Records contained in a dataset
————————
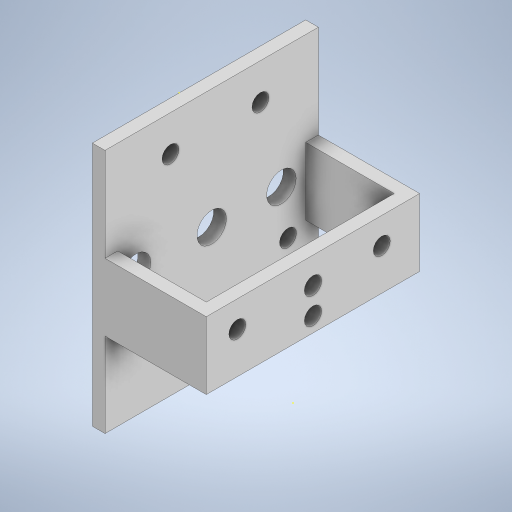
# Autodesk Inventor part: korthjulholder1
Saved by Autodesk Inventor 2023 (Build 270158000, 158)
## iProperties
Created: 2023-02-28
Part Number: korthjulholder1
Material: Generic
Document SubType Name: Modeling
Designer: Markus
Density: 1 g/cm^3
Appearance: Default
Author: Markus
Autodesk Inventor part; units mm, degrees
ref_plane "YZ Plane" through (0, 0, 0) normal (1, 0, 0) x (0, 1, 0)
ref_plane "XZ Plane" through (0, 0, 0) normal (0, 1, 0) x (-1, 0, 0)
ref_plane "XY Plane" through (0, 0, 0) normal (0, 0, 1) x (1, 0, 0)
sketch "Sketch1" plane through (0, 0, 0) normal (1, 0, 0) x (0, 1, 0)
  line L0 (0, 0) -> (20, 0)
  line L1 (20, 0) -> (20, -25)
  line L2 (20, -25) -> (0, -25)
  line L3 (0, -25) -> (0, 0)
  dimension "d0" = 20
  dimension "d1" = 25
  constraints: 8 end point, 2 parallel, 1 horizontal, 1 perpendicular
  measures "d0" distance of L1.end L2.end
  measures "d1" distance of L0.end L1.end
extrude "Extrusion1" add sketch "Sketch1" along normal blind 2
sketch "Sketch2" plane through (2, 0, 0) normal (1, 0, 0) x (0, 0, -1)
  line L0 (25, 0) -> (25, 20) projected
  line L1 (0, 0) -> (25, 0)
  line L2 (25, 0) -> (25, 2)
  line L3 (25, 2) -> (0, 2)
  line L4 (0, 2) -> (0, 0)
  dimension "d4" = 2
  constraints: 8 end point, 2 parallel, 1 horizontal, 1 perpendicular, 1 point on line
  measures "d4" distance of L2.end L1.end
extrude "Extrusion2" add sketch "Sketch2" along normal blind 25
sketch "Sketch3" plane through (2, 2, 0) normal (0, 1, 0) x (1, 0, 0)
  line L0 (-2, 0) -> (25, 0) projected
  line L1 (-2, 25) -> (25, 25) projected
  line L2 (25, 0) -> (23, 0)
  line L3 (23, 0) -> (23, 25)
  line L4 (23, 25) -> (25, 25)
  line L5 (25, 25) -> (25, 0)
  dimension "d7" = 2
  constraints: 8 end point, 2 parallel, 1 horizontal, 1 perpendicular, 1 point on line
  measures "d7" distance of L3.end L4.end
extrude "Extrusion3" add sketch "Sketch3" along normal blind 20
sketch "Sketch4" plane through (2, 0, 0) normal (1, 0, 0) x (0, 0, -1)
  point P0 (0, 0)
sketch "Sketch5" plane through (27, 0, 0) normal (1, 0, 0) x (0, 0, -1)
  circle A0 centre (6, 19.5) radius 2
  point P0 (0, 0)
  dimension "d10" = 4
  constraints: 1 centre point, 1 coincident
  measures "d10" diameter of A0
sketch "Sketch6" plane through (2, 22, 0) normal (0, 1, 0) x (1, 0, 0)
  line L0 (25, 0) -> (25, 25) projected
  line L1 (23, 25) -> (23, 0) projected
  line L2 (25, 0) -> (23, 0)
  line L3 (23, 0) -> (23, 25)
  line L4 (23, 25) -> (25, 25)
  line L5 (25, 25) -> (25, 0)
  point P0 (-2, 0)
  constraints: 8 end point, 2 parallel, 1 horizontal, 1 perpendicular
extrude "Extrusion4" add sketch "Sketch6" along normal blind 3
sketch "Sketch7" plane through (0, 20, 0) normal (0, 1, 0) x (1, 0, 0)
  line L0 (0, 25) -> (2, 25) projected
  line L1 (2, 25) -> (0, 25)
  line L2 (0, 25) -> (0, 0)
  line L3 (0, 0) -> (2, 0)
  line L4 (2, 0) -> (2, 25)
  constraints: 8 end point, 2 parallel, 1 horizontal, 1 perpendicular
extrude "Extrusion5" add sketch "Sketch7" along normal blind 5
extrude "Extrusion6" cut sketch "Sketch5" against normal blind 30
sketch "Sketch8" plane through (0, 0, 0) normal (-1, 0, 0) x (0, 0, 1)
  circle A0 centre (-22.8, 23) radius 2
  point P0 (0, 0)
  point P1 (22.8, 23)
  dimension "d17" = 4
  constraints: 1 centre point, 1 coincident
  measures "d17" diameter of A0
sketch "Sketch9" plane through (0, 0, 0) normal (-1, 0, 0) x (0, 0, 1)
  circle A0 centre (-6, 19.5) radius 2 projected
  circle A1 centre (-6, 19.5) radius 2
  point P0 (0, 0)
  constraints: 1 centre point, 1 coincident
extrude "Extrusion7" add sketch "Sketch9" against normal blind 2
extrude "Extrusion8" cut sketch "Sketch8" against normal blind 30
sketch "Sketch10" plane through (0, 0, -25) normal (-1, 0, 0) x (0, 0, 1)
  line L0 (25, 25) -> (2.2, 25) projected
  line L1 (25, 0) -> (0, 0) projected
  line L2 (12.5, 25) -> (25, 25)
  line L3 (25, 25) -> (25, 0)
  line L4 (25, 0) -> (12.5, 0)
  line L5 (12.5, 0) -> (12.5, 25)
  constraints: 8 end point, 2 parallel, 1 horizontal, 1 perpendicular, 1 point on line
extrude "Extrusion9" cut sketch "Sketch10" against normal blind 30
sketch "Sketch11" plane through (0, 0, -25) normal (-1, 0, 0) x (0, 0, 1)
  circle A0 centre (10.3, 23) radius 2
  point P0 (25, 0)
  dimension "d24" = 4
  constraints: 1 centre point, 1 coincident
  measures "d24" diameter of A0
extrude "Extrusion10" cut sketch "Sketch11" against normal blind 2.5
sketch "Sketch12" plane through (27, 0, -25) normal (1, 0, 0) x (0, 0, -1)
  circle A0 centre (-2.2, 23) radius 2 projected
  line L0 (-12.5, 25) -> (-10.3, 25) projected
  line L1 (-12.5, 2) -> (0, 2) projected
  line L2 (-12.5, 25) -> (-4.5, 25)
  line L3 (-4.5, 25) -> (-4.5, 2)
  line L4 (-4.5, 2) -> (-12.5, 2)
  line L5 (-12.5, 2) -> (-12.5, 25)
  point P0 (-25, 0)
  point P1 (-4.2, 23)
  point P2 (-2.2, 25)
  dimension "d27" = 8
  constraints: 8 end point, 2 parallel, 1 horizontal, 1 perpendicular, 1 point on circle, 1 point on line
  measures "d27" distance of L3.end L4.end
sketch "Sketch13" plane through (27, 0, -25) normal (1, 0, 0) x (0, 0, -1)
  point P0 (-25, 0)
sketch "Sketch14" plane through (0, 0, -25) normal (0, -1, 0) x (1, 0, 0)
  line L0 (27, 12.5) -> (0, 12.5) projected
  line L1 (25, 12.5) -> (25, 0) projected
  line L2 (27, 12.5) -> (25, 12.5)
  line L3 (25, 12.5) -> (25, 0)
  line L4 (25, 0) -> (27, 0)
  line L5 (27, 0) -> (27, 12.5)
  point P0 (0, 25)
  constraints: 8 end point, 2 parallel, 1 horizontal, 1 perpendicular
extrude "Extrusion11" add sketch "Sketch14" along normal blind 8
extrude "Extrusion12" cut sketch "Sketch12" against normal blind 8 contours L0 L2 L3 L1 L5
sketch "Sketch15" plane through (25, 2, -25) normal (0, 0, -1) x (-1, 0, 0)
  line L0 (0, -2) -> (0, -10) projected
  line L1 (0, -2) -> (25, -2)
  line L2 (25, -2) -> (25, 23)
  line L3 (25, 23) -> (0, 23)
  line L4 (0, 23) -> (0, -2)
  constraints: 8 end point, 2 parallel, 1 horizontal, 1 perpendicular
extrude "Extrusion13" cut sketch "Sketch15" against normal blind 30
sketch "Sketch16" plane through (27, 23, -22.8) normal (1, 0, 0) x (0, 0, -1)
  arc A0 (-0.0621, -1.999) -> (-0.0621, 1.999) centre (0, 0) ccw projected
  circle A1 centre (0, 0) radius 2
  point P0 (-22.8, -23)
  point P1 (0, 2)
  point P2 (-36, 0)
  point P3 (-0.0621, 1.999)
  point P4 (-0.0621, -1.999)
  dimension "d34" = 4
  constraints: 4 coincident, 1 centre point
  measures "d34" diameter of A1
sketch "Sketch17" plane through (25, 2, -12.5) normal (0, 0, 1) x (1, 0, 0)
  point P0 (-25, -2)
sketch "Sketch18" plane through (25, 2, -12.5) normal (0, 0, 1) x (1, 0, 0)
  line L0 (0, -10) -> (2, -10) projected
  line L1 (2, 0) -> (0, 0) projected
  line L2 (2, -10) -> (0, -10)
  line L3 (0, -10) -> (0, 0)
  line L4 (0, 0) -> (2, 0)
  line L5 (2, 0) -> (2, -10)
  point P0 (-25, -2)
  constraints: 8 end point, 2 parallel, 1 horizontal, 1 perpendicular
extrude "Extrusion14" add sketch "Sketch18" along normal blind 30
sketch "Sketch19" plane through (27, 23, -22.8) normal (1, 0, 0) x (0, 0, -1)
  point P0 (-22.8, -23)
sketch "Sketch20" plane through (25, 2, -20.5) normal (0, 1, 0) x (1, 0, 0)
  line L0 (2, 0) -> (2, 2.3) projected
  line L1 (0, 4.5) -> (0, -38) projected
  line L2 (2, 0) -> (0, 0)
  line L3 (0, 0) -> (0, -38)
  line L4 (0, -38) -> (2, -38)
  line L5 (2, -38) -> (2, 0)
  point P0 (-25, -20.5)
  constraints: 8 end point, 2 parallel, 1 horizontal, 1 perpendicular
extrude "Extrusion15" add sketch "Sketch20" along normal blind 23
sketch "Sketch21" plane through (27, 23, -22.8) normal (1, 0, 0) x (0, 0, -1)
  point P0 (-22.8, -23)
sketch "Sketch22" plane through (27, 23, -22.8) normal (1, 0, 0) x (0, 0, -1)
  point P0 (-22.8, -23)
sketch "Sketch23" plane through (27, 23, -22.8) normal (1, 0, 0) x (0, 0, -1)
  circle A0 centre (-36, 0) radius 2
  point P0 (-22.8, -23)
  dimension "d39" = 4
  constraints: 1 centre point, 1 coincident
  measures "d39" diameter of A0
extrude "Extrusion16" cut sketch "Sketch23" against normal blind 25
sketch "Sketch24" plane through (27, 23, -22.8) normal (1, 0, 0) x (0, 0, -1)
  circle A0 centre (-36, 0) radius 2 projected
  line L0 (-36, 2) -> (-40.3, 2) projected
  line L1 (2.2, -31) -> (-40.3, -31) projected
  line L2 (-40.3, 2) -> (-38.3, 2)
  line L3 (-38.3, 2) -> (-38.3, -31)
  line L4 (-38.3, -31) -> (-40.3, -31)
  line L5 (-40.3, -31) -> (-40.3, 2)
  point P0 (-22.8, -23)
  point P1 (-38, 0)
  dimension "d42" = 2
  constraints: 8 end point, 2 parallel, 1 horizontal, 1 perpendicular, 1 point on circle, 1 point on line
  measures "d42" distance of L3.end L4.end
extrude "Extrusion17" cut sketch "Sketch24" against normal blind 25 contours L3 L1 L5 L0
sketch "Sketch25" plane through (25, 23, -22.8) normal (-1, 0, 0) x (0, 0, 1)
  circle A0 centre (0, 0) radius 2 projected
  line L0 (36, 2) -> (0, 2) projected
  line L1 (2, 0) -> (2.3, 0)
  line L2 (2.3, 0) -> (2.3, 2)
  line L3 (2.3, 2) -> (2, 2)
  line L4 (2, 2) -> (2, 0)
  circle A1 centre (36, 0) radius 2 projected
  line L5 (34, 0) -> (33.7, 0)
  line L6 (33.7, 0) -> (33.7, 0.0469)
  line L7 (33.7, 0.0469) -> (34, 0.0469)
  line L8 (34, 0.0469) -> (34, 0)
  line L9 (2.3, 2) -> (33.7, 2)
  line L10 (33.7, 2) -> (33.7, 0)
  line L11 (33.7, 0) -> (2.3, 0)
  line L12 (2.3, 0) -> (2.3, 2)
  point P0 (22.8, -23)
  point P1 (2.3, 0)
  point P2 (33.7, 0.0469)
  dimension "d45" = 0.3
  dimension "d46" = 0.3
  constraints: 24 end point, 6 parallel, 3 horizontal, 3 perpendicular, 2 point on circle, 1 point on line
  measures "d45" distance of L3.end L2.end
  measures "d46" distance of L6.end L7.end
extrude "Extrusion18" cut sketch "Sketch25" against normal blind 25 contours L2 L0 L10 L6 L11
sketch "Sketch26" plane through (25, 23, -22.8) normal (-1, 0, 0) x (0, 0, 1)
  line L0 (-2.2, -31) -> (38.3, -31) projected
  line L1 (38.3, -31) -> (38.3, 2) projected
  line L2 (-2.2, -31) -> (38.3, -31)
  line L3 (38.3, -31) -> (38.3, -29)
  line L4 (38.3, -29) -> (-2.2, -29)
  line L5 (-2.2, -29) -> (-2.2, -31)
  line L6 (2.3, 0) -> (33.7, 0) projected
  line L7 (2.3, 0) -> (33.7, 0)
  line L8 (33.7, 0) -> (33.7, -29)
  line L9 (33.7, -29) -> (2.3, -29)
  line L10 (2.3, -29) -> (2.3, 0)
  point P0 (22.8, -23)
  dimension "d49" = 2
  constraints: 16 end point, 4 parallel, 2 horizontal, 2 perpendicular, 2 point on line
  measures "d49" distance of L3.end L2.end
extrude "Extrusion19" cut sketch "Sketch26" against normal blind 25 contours L10 L6 L8 L4
sketch "Sketch27" plane through (25, 23, -22.8) normal (-1, 0, 0) x (0, 0, 1)
  line L0 (-2.2, -31) -> (38.3, -31) projected
  line L1 (38.3, 2) -> (38.3, -31) projected
  line L2 (-2.2, -31) -> (38.3, -31)
  line L3 (38.3, -31) -> (38.3, -28.9821)
  line L4 (38.3, -28.9821) -> (-2.2, -28.9821)
  line L5 (-2.2, -28.9821) -> (-2.2, -31)
  point P0 (22.8, -23)
  constraints: 8 end point, 2 parallel, 1 horizontal, 1 perpendicular, 1 point on line
extrude "Extrusion20" add sketch "Sketch27" along normal blind 25
sketch "Sketch28" plane through (25, -5.9821, 10.9) normal (0, 1, 0) x (1, 0, 0)
  line L0 (2, -4.6) -> (-25, -4.6) projected
  line L1 (2, 35.9) -> (-25, 35.9) projected
  line L2 (-25, -4.6) -> (-22, -4.6)
  line L3 (-22, -4.6) -> (-22, 35.9)
  line L4 (-22, 35.9) -> (-25, 35.9)
  line L5 (-25, 35.9) -> (-25, -4.6)
  point P0 (-25, 10.9)
  dimension "d54" = 3
  constraints: 8 end point, 2 parallel, 1 horizontal, 1 perpendicular, 1 point on line
  measures "d54" distance of L4.end L3.end
extrude "Extrusion21" add sketch "Sketch28" along normal blind 31
sketch "Sketch29" plane through (27, -8, 15.5) normal (0, 0, 1) x (1, 0, 0)
  point P0 (-27, 8)
sketch "Sketch30" plane through (27, -8, 15.5) normal (0, 0, 1) x (1, 0, 0)
  line L0 (-27, 0) -> (-27, 33.0179) projected
  line L1 (-24, 2.0179) -> (-24, 33.0179) projected
  line L2 (-27, 33.0179) -> (-24, 33.0179)
  line L3 (-24, 33.0179) -> (-24, 32.9999)
  line L4 (-24, 32.9999) -> (-27, 32.9999)
  line L5 (-27, 32.9999) -> (-27, 33.0179)
  point P0 (-27, 8)
  dimension "d57" = 0.018
  constraints: 8 end point, 2 parallel, 1 horizontal, 1 perpendicular, 1 point on line
  measures "d57" distance of L2.end L3.end
extrude "Extrusion22" cut sketch "Sketch30" against normal blind 31
sketch "Sketch31" plane through (0, 23, -22.8) normal (-1, 0, 0) x (0, 0, 1)
  circle A0 centre (0, -12.5) radius 2
  point P0 (22.8, -23)
  point P1 (36, -12500)
  point P2 (36, -12500)
  dimension "d60" = 4
  constraints: 2 coincident, 1 centre point
  measures "d60" diameter of A0
sketch "Sketch32" plane through (0, 23, -22.8) normal (-1, 0, 0) x (0, 0, 1)
  circle A0 centre (36.1, -12.4998) radius 2
  point P0 (22.8, -23)
  point P1 (-0.0002, -12.4998)
  dimension "d61" = 4
  constraints: 1 centre point, 1 coincident
  measures "d61" diameter of A0
extrude "Extrusion23" cut sketch "Sketch31" against normal blind 3
extrude "Extrusion24" cut sketch "Sketch32" against normal blind 3
fillet "Fillet1" radius 2 2 edges at (1.5, 24.9999, 15.5) (1.5, 25.0179, -25)
fillet "Fillet2" radius 2 2 edges at (0, -8, -4.75) (27, -8, -4.75)
sketch "Sketch33" plane through (0, 23, -22.8) normal (-1, 0, 0) x (0, 0, 1)
  point P0 (22.8, -23)
sketch "Sketch34" plane through (0, 23, -22.8) normal (-1, 0, 0) x (0, 0, 1)
  circle A0 centre (18.05, -4) radius 2
  point P0 (22.8, -23)
  dimension "d68" = 4
  constraints: 1 centre point, 1 coincident
  measures "d68" diameter of A0
extrude "Extrusion25" cut sketch "Sketch34" against normal blind 3
sketch "Sketch35" plane through (27, 23, 13.2) normal (1, 0, 0) x (0, 0, -1)
  point P0 (13.2, -23)
sketch "Sketch36" plane through (25, -6, 10.9) normal (0, 1, 0) x (1, 0, 0)
  line L0 (0, 0) -> (2, 0) projected
  line L1 (0, 0) -> (0, 31.4) projected
  line L2 (2, 0) -> (0, 0)
  line L3 (0, 0) -> (0, 31.4)
  line L4 (0, 31.4) -> (2, 31.4)
  line L5 (2, 31.4) -> (2, 0)
  point P0 (-25, 10.9)
  constraints: 8 end point, 2 parallel, 1 horizontal, 1 perpendicular
extrude "Extrusion26" add sketch "Sketch36" along normal blind 3
sketch "Sketch37" plane through (27, 23, -22.8) normal (1, 0, 0) x (0, 0, -1)
  point P0 (-22.8, -23)
sketch "Sketch38" plane through (25, -3, 10.9) normal (0, 1, 0) x (1, 0, 0)
  line L0 (2, 0) -> (0, 0) projected
  line L1 (2, 35.9) -> (2, -4.6) projected
  line L2 (0, 0) -> (2, 0)
  line L3 (2, 0) -> (2, 31.4499)
  line L4 (2, 31.4499) -> (0, 31.4499)
  line L5 (0, 31.4499) -> (0, 0)
  point P0 (-25, 10.9)
  constraints: 8 end point, 2 parallel, 1 horizontal, 1 perpendicular, 1 point on line
extrude "Extrusion27" add sketch "Sketch38" along normal blind 3
sketch "Sketch39" plane through (25, 0, 10.9) normal (0, 1, 0) x (1, 0, 0)
  line L0 (0, 31.4) -> (0, 0) projected
  line L1 (2, 0) -> (2, 31.4) projected
  line L2 (0, 0) -> (2, 0)
  line L3 (2, 0) -> (2, 31.4)
  line L4 (2, 31.4) -> (0, 31.4)
  line L5 (0, 31.4) -> (0, 0)
  point P0 (-25, 10.9)
  constraints: 8 end point, 2 parallel, 1 horizontal, 1 perpendicular
extrude "Extrusion28" add sketch "Sketch39" along normal blind 25
sketch "Sketch40" plane through (27, 23, -22.8) normal (1, 0, 0) x (0, 0, -1)
  point P0 (-22.8, -23)
sketch "Sketch41" plane through (2, 25, 0) normal (0, 1, 0) x (1, 0, 0)
  line L0 (25, -15.5) -> (23, -15.5) projected
  line L1 (25, 22.8) -> (25, 25) projected
  line L2 (23, -15.5) -> (25, -15.5)
  line L3 (25, -15.5) -> (25, 25)
  line L4 (25, 25) -> (23, 25)
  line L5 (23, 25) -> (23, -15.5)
————————
■ **EXERCISE DIRECTIONS**:
Report the lines above that have the word "fillet" in them.

■ **RESULT FOR THIS EXERCISE**:
fillet "Fillet1" radius 2 2 edges at (1.5, 24.9999, 15.5) (1.5, 25.0179, -25)
fillet "Fillet2" radius 2 2 edges at (0, -8, -4.75) (27, -8, -4.75)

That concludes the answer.